Bisnis.com, PALEMBANG – ConocoPhillips Co, perusahaan migas asal Amerika Serikat, tetap berkonsentrasi menekan biaya produksi gas di Blok Corridor, Sumatra Selatan, sembari menunggu kepastian perpanjangan kontrak di wilayah kerja yang habis masa berlakunya pada 2023 itu.
“Mengenai perpanjangan, kami lagi bicara-bicara juga (dengan pemerintah). Tapi kami lagi konsentrasi ke produksi karena pihak pemerintah ingin agar produksi tidak turun drastis dan di lapangan efisien,” kata VP Relasi dan Keamanan ConocoPhillips Indonesia Joang Laksanto seusai acara buka puasa bersama media di Palembang, Senin (19/6/2017) malam.
Joang memahami keinginan Kementerian Energi dan Sumber Daya Mineral agar para kontraktor kontrak kerja sama (KKKS) menggarap lapangan migas secara lebih produktif sekaligus efisien. Dia pun mencontohkan proyek kompresi di Lapangan Sumpal, Blok Corridor, yang sudah berjalan mampu meningkatkan produksi lapangan itu sebesar 20%.
Berdasarkan catatan Bisnis.com, pada Oktober 2016 Blok Corridor memproduksi minyak siap jual sebesar 7.263 barel per hari (bph) dan gas 809 juta standar kaki kubik per hari (MMscfd). Di blok tersebut terdapat enam lapangan gas dan tujuh lapangan minyak, tersebar di Kabupaten Musi Banyuasin, Banyuasin, dan Musi Rawas, Sumsel. Produksi gas terbesar berasal dari Lapangan Suban dan Sumpal.
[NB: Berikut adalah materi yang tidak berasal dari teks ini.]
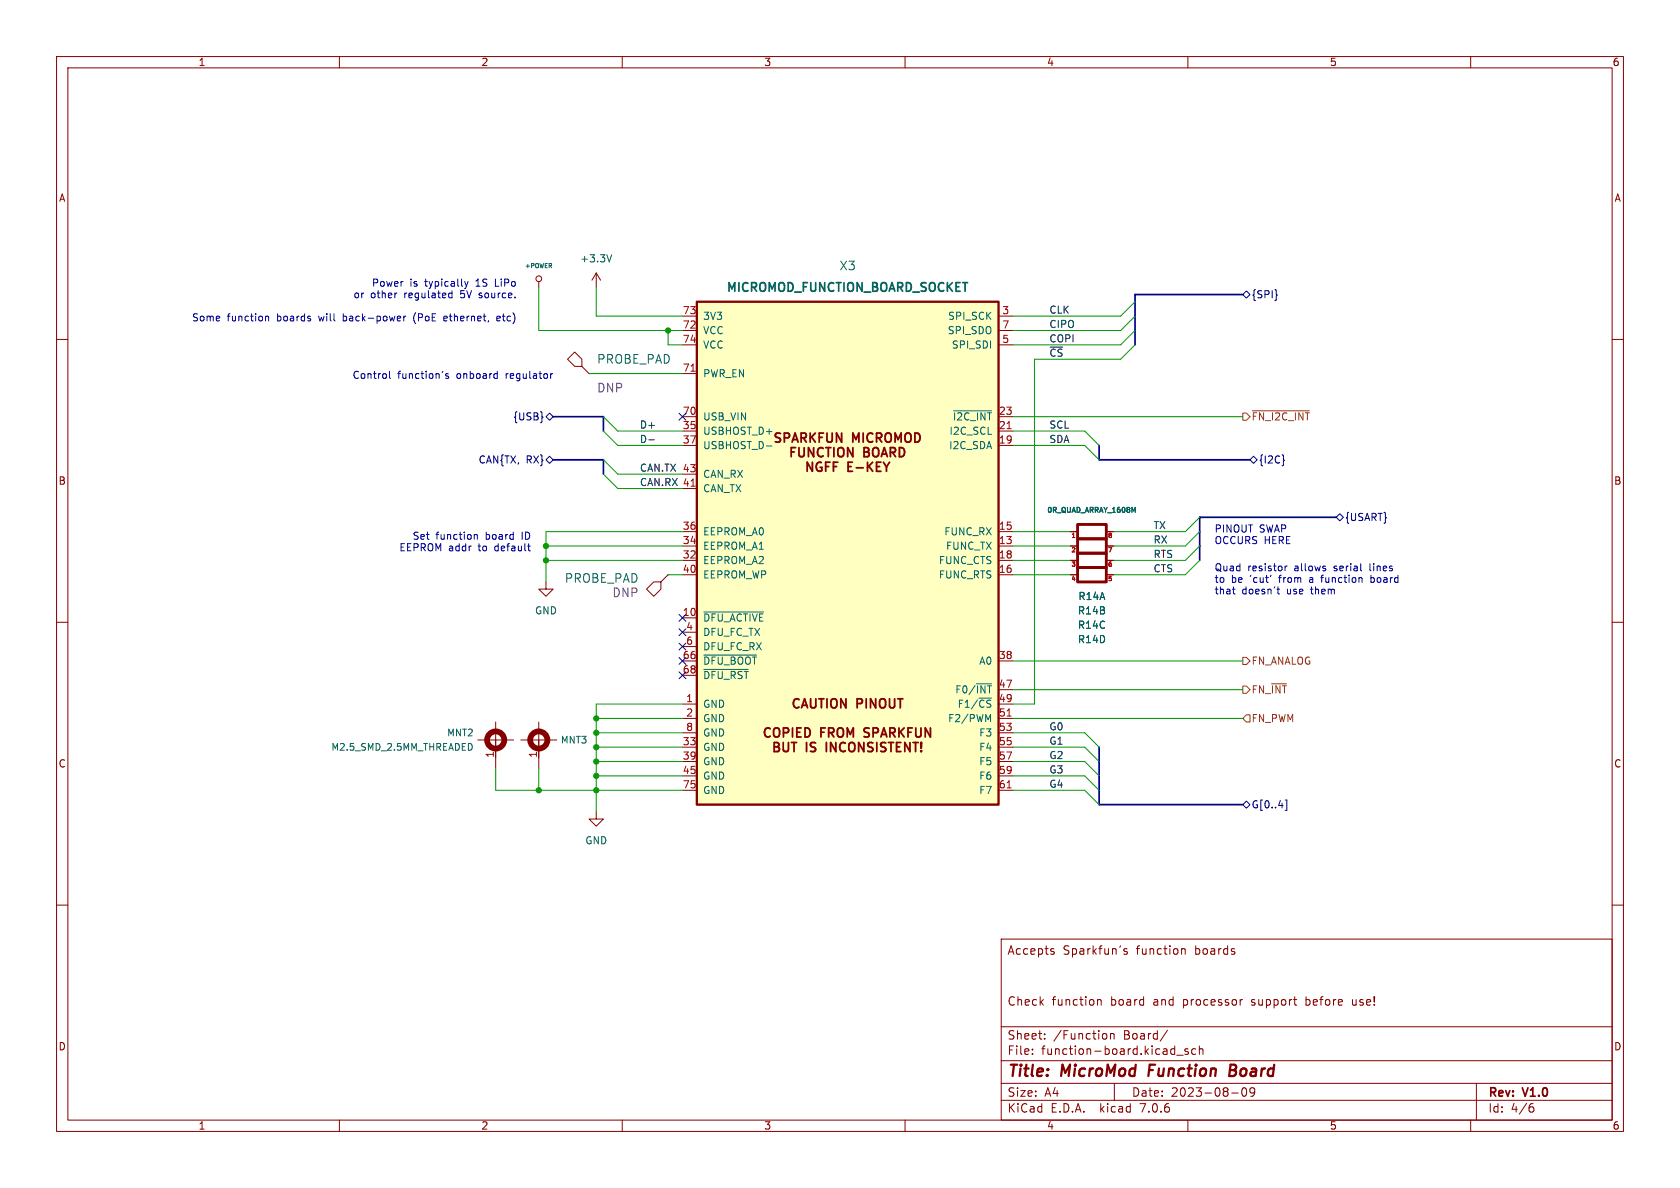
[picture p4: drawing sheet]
<svg xmlns="http://www.w3.org/2000/svg" width="297mm" height="210mm" viewBox="0 0 297 210" stroke-linecap="round" stroke-linejoin="round" font-family="sans-serif">
<g fill="none" stroke="#840000" stroke-width=".18">
<path d="M10 10h277v190h-277zM12 12h273v186h-273zM60 10v2M110 10v2M160 10v2M210 10v2M260 10v2M10 60h2M95.2 49.8v1M105.4 48.3l-.8 1.2M105.4 48.3v2.5M105.4 48.3l.8 1.2"/>
<path d="M120.6 55.9h2.6M120.6 58.4h2.6M176.5 55.9h2.6M176.5 58.4h2.6M285 60h2M100.3 63.5l1.3-1.3 1.3 1.3v1.3h-1.3zM102.9 64.8l1.2 1.2M104.1 66h.1M120.6 78.7h2.6M120.6 76.2h2.6M120.6 73.7h2.6M120.6 61h2.6"/>
<path d="M120.6 66h2.6M176.5 78.7h2.6M176.5 76.2h2.6M176.5 73.7h2.6M176.5 61h2.6M120.6 94h2.6M120.6 96.5h2.6M120.6 99.1h2.6M120.6 86.4h2.6M120.6 83.8h2.6M176.5 94h2.6M176.5 96.5h2.6"/>
<path d="M176.5 99.1h2.6M189.2 94h1.2M189.2 96.5h1.2M189.2 99.1h1.2M195.7 94h1.1M195.7 96.5h1.1M195.7 99.1h1.1M10 110h2M96.5 102.9v1.2h1.3l-1.3 1.3-1.3-1.3h1.3M114.3 104.1l1.3-1.2h1.2v1.2l-1.2 1.3zM118.1 101.6h.1M118.1 101.6l-1.3 1.3"/>
<path d="M120.6 109.2h2.6M120.6 101.6h2.6M120.6 116.8h2.6M120.6 111.8h2.6M120.6 114.3h2.6M120.6 119.4h2.6M176.5 101.6h2.6M176.5 116.8h2.6M189.2 101.6h1.2M195.7 101.6h1.1M285 110h2M84.5 130.8h6.3"/>
<path d="M87.6 127.6v8.3M92.1 130.8h6.3M95.2 127.6v8.3M120.6 127h2.6M120.6 132.1h2.6M120.6 134.6h2.6M120.6 137.2h2.6M120.6 124.5h2.6M120.6 129.5h2.6M120.6 139.7h2.6M176.5 127h2.6M176.5 132.1h2.6"/>
<path d="M176.5 134.6h2.6M176.5 137.2h2.6M176.5 121.9h2.6M176.5 124.5h2.6M176.5 129.5h2.6M176.5 139.7h2.6M10 160h2M105.4 143.5v1.3h1.3l-1.3 1.3-1.3-1.3h1.3M285 160h2M177 166h108v32h-108zM186 168.2l.3 .1 .1 .2-.2 .2h-.3M186 167.7l.3 .1"/>
<path d="M194 176.7v1M194 176.8l.2-.1 .4 .1 .1 .9M199.2 167.8l-.3-.1-.2 .2v.2l.5 .2v.3h-.5M208.9 167.8l.2-.1 .4 .1v.9M208.9 167.7v1M219.7 176.7l-.4 .1M239.1 176.7l.1 .9M60 198v2M110 198v2M160 198v2M177 194.5h108M177 191.5h108"/>
<path d="M177 187.5h108M177 181.5h108M182.5 186.3v.1M182.5 185.5v.1M184.7 183.6v.1M184.7 182.8v.1M195.4 182.7l.3 .3v.4l-.3 .3M196.3 182.8l.2-.1 .4 .1 .1 .9M196.3 182.7v1M197 191.5v3M206.4 182.1l-1.3 2M208 186.5h1.2"/>
<path d="M210 198v2M210 185.5l-.3-.1-.2 .2v.2l.5 .2v.3h-.5M211.4 185.5l-.4-.1-.3 .3v.4l.1 .2h.6M212 185.5l.2-.1 .4 .1 .1 .9M212 184.9v1.5M217.7 193.2h1.2M219.7 192.4l.2-.1a.81 .81 0 0 1 .6 .6 .81 .81 0 0 1-.3 .8l-.2 .1a.81 .81 0 0 1-.3-1.4zM221.8 192.9l-.3 .3h-.3l-.2-.3 .1-.5 .4-.1 .2 .1a.99 .99 0 0 1-.3 1.4h-.3M260 198v2M261 191.5v6.5M270.6 195.7h.3l.3 .3-.1 .5-.5 .1M271 195.1l-.4 .1"/>
<circle cx="95.3" cy="49.3" r=".51"/>
</g>
<path d="M203.3 188.2l-.3 2M217.4 189.2h.7M218.1 189.2l.3 .1M218.2 188.2h-.6l-.3 2 1-.1M218.3 189.1l-.2 .1" fill="none" stroke="#840000" stroke-width=".4"/>
<path d="M190.5 92.7h5.1v2.6h-5.1zM190.5 95.3h5.1v2.5h-5.1zM190.5 97.8h5.1v2.5h-5.1zM190.5 100.3h5.1v2.6h-5.1z" fill="none" stroke="#840000" stroke-width=".51"/>
<g fill="none" stroke="#a90000" stroke-width=".18">
<path d="M122.2 65.6h.7M178 75.8h.8M122.2 85.9h.7M189.5 99.3h.5l-.2 .3M189.6 96.9l.3-.1 .1 .1M189.7 94.4l.1-.1v.7M196 96.8h.5l-.3 .8M196.1 94.4l.1-.1 .3 .1M196.2 99.4l-.1 .1M196.2 99.4h.1M196.4 99.3l-.2 .1M189.8 101.8l-.2 .6"/>
<path d="M196.5 101.9h-.4v.3M178 126.6h.8M178 139.3h.8"/>
</g>
<path d="M108.1 45l-.4 1.3M135.5 78.8h1M168.6 72.6h6.7M200.4 90.3l.3-.6v.9M124.4 108.2h10.6M124.4 115.8h9.3M124.4 118.3h7.9M83.3 131.5l.2 .4-.2 .7M174.7 127.2l.4-.9v1.3" fill="none" stroke="#006464" stroke-width=".18"/>
<g fill="none" stroke="#840000" stroke-width="1">
<circle cx="87.6" cy="130.8" r="1.52"/>
<circle cx="95.2" cy="130.8" r="1.52"/>
</g>
<path d="M123.2 53.3h53.3v88.9h-53.3z" fill="#ffffc2" stroke="#ffffc2" stroke-width=".18"/>
<path d="M123.2 53.3h53.3v88.9h-53.3z" fill="none" stroke="#840000" stroke-width=".41"/>
<g fill="none" stroke="#840000" stroke-width=".32">
<path d="M138 76.6h-.6l-.3 .3 .1 .3 .7 .3v.5l-.2 .2-.6-.1M138.7 77.4l.7-.1 .2-.2-.1-.4-.2-.1h-.6v1.6M139.9 79.9h.5M140 78.2l.6-1.6 .5 1.6M140.2 77.7h.7M140.6 79.1h-.7v1.6M141.3 79.1v1.3l.3 .3h.3l.3-.3v-1.3M141.6 77.4l.8-.1 .1-.2v-.4l-.3-.1h-.6v1.6M142 77.4l.5 .8M143.2 76.6v1.6M143.5 77.2l.6 1M143.8 79.1v1.6l-.9-1.6v1.6"/>
<path d="M144.1 76.6l-.9 .9M144.8 77.3h.6M145.5 79.3a.64 .64 0 0 0-.8 0 .64 .64 0 0 0-.2 .7 .6 .6 0 0 0 .3 .7 .6 .6 0 0 0 .7-.1M145.6 76.6h-.8v1.6M146 79.1h.9M146.2 76.6v1.3l.3 .3 .5-.1 .1-.2v-1.3M146.4 79.1v1.6M147.4 79.1v1.6M148.2 79.4a.54 .54 0 0 1 .6-.3 .54 .54 0 0 1 .4 .6v.5a.53 .53 0 0 1-.6 .6 .53 .53 0 0 1-.5-.6zM148.8 76.6v1.6l-.9-1.6v1.6M150.8 78.2v-1.6l.5 1.1 .5-1.1v1.6M150.8 79.1v1.6l-.9-1.6v1.6"/>
<path d="M152.6 76.6v1.6M152.8 79.1h.5l.2 .2 .1 .3-.3 .3a.43 .43 0 0 1 .4 .4 .43 .43 0 0 1-.3 .4h-.6zM152.8 79.9h.5M154.3 76.7a.64 .64 0 0 0-.8 0 .64 .64 0 0 0-.2 .8 .6 .6 0 0 0 .3 .6 .6 .6 0 0 0 .7-.1M154.4 79.4a.54 .54 0 0 1 .6-.3 .54 .54 0 0 1 .3 .6v.5a.53 .53 0 0 1-.5 .6 .53 .53 0 0 1-.5-.6zM155 77.4l.7-.1 .2-.2-.1-.4-.2-.1h-.6v1.6M155.3 77.4l.6 .8M156.6 76.8a.54 .54 0 0 1 .6-.2 .54 .54 0 0 1 .4 .5v.5a.53 .53 0 0 1-.6 .6 .53 .53 0 0 1-.5-.6zM157.4 80l.8-.1 .1-.2-.1-.4-.2-.2h-.6v1.6M157.8 80l.5 .7M158.2 78.2v-1.6l.6 1.1 .5-1.1v1.6M159 79.1a.81 .81 0 0 1 .9 .8 .81 .81 0 0 1-.9 .8z"/>
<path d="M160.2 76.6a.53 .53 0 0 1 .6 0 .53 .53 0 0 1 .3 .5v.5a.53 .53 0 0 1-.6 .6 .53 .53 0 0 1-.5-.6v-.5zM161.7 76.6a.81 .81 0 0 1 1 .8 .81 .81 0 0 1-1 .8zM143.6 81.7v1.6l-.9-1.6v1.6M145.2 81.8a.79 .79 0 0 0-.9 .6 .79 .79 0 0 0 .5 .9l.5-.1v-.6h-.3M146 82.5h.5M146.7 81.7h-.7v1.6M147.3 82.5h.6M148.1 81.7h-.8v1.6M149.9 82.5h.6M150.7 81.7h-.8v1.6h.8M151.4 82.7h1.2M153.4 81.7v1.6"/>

ConocoPhillips melalui ConocoPhillips (Grissik) Ltd menguasai hak partisipasi (PI) sebesar 54%, sisanya digenggam oleh Repsol dan PT Pertamina (Persero) masing-masing 36% dan 10%. Operator telah mendapatkan perpanjangan kontrak tahap pertama dari pemerintah pada 2013 dan berakhir pada 2023.
GROSS SPLIT
Joang mengatakan ConocoPhillips juga mempelajari kemungkinan adopsi skema gross split untuk menggantikan cost recovery bila kelak kontrak benar-benar diperpanjang. Pasalnya, Kementerian ESDM memberikan KKKS opsi untuk memilih satu dari dua skema itu di wilayah kerja perpanjangan kontrak.
“Soal gross split ini kami sedang kaji karena butuh waktu dan ketelitian yang lebih mendalam. Ada faktor-faktor keekonomian juga yang menentukan,” tuturnya.
Kepala Urusan Keuangan Kantor Perwakilan SKK Migas Sumatra Bagian Selatan (Sumbagsel) Muhammad Agus mengharapkan operator di blok-blok migas regional tersebut bisa lebih efisien. Jangan sampai, biaya produksi membengkak padahal Sumbagsel tidak lagi memiliki cadangan migas baru.
“Sumbangan Sumbagsel secara keseluruhan produksi migas tidak banyak berubah. Mungkin 10% dari seluruh Indonesia. Tidak terlalu signifikan dibandingkan dengan Riau dan Cepu,” ujarnya di tempat yang sama.
Berdasarkan data SKK Migas, ConocoPhillips masih menjadi KKKS produksi migas di Blok Corridor dan Blok Jambi Selatan II. Namun, di wilayah kerja Jambi, perusahaan itu menghentikan produksinya karena cadangan menipis.
Akhir tahun lalu, ConocoPhillips menjual 40% PI-nya di Blok B Laut Natuna Selatan kepada PT Medco Energi Internasional Tbk.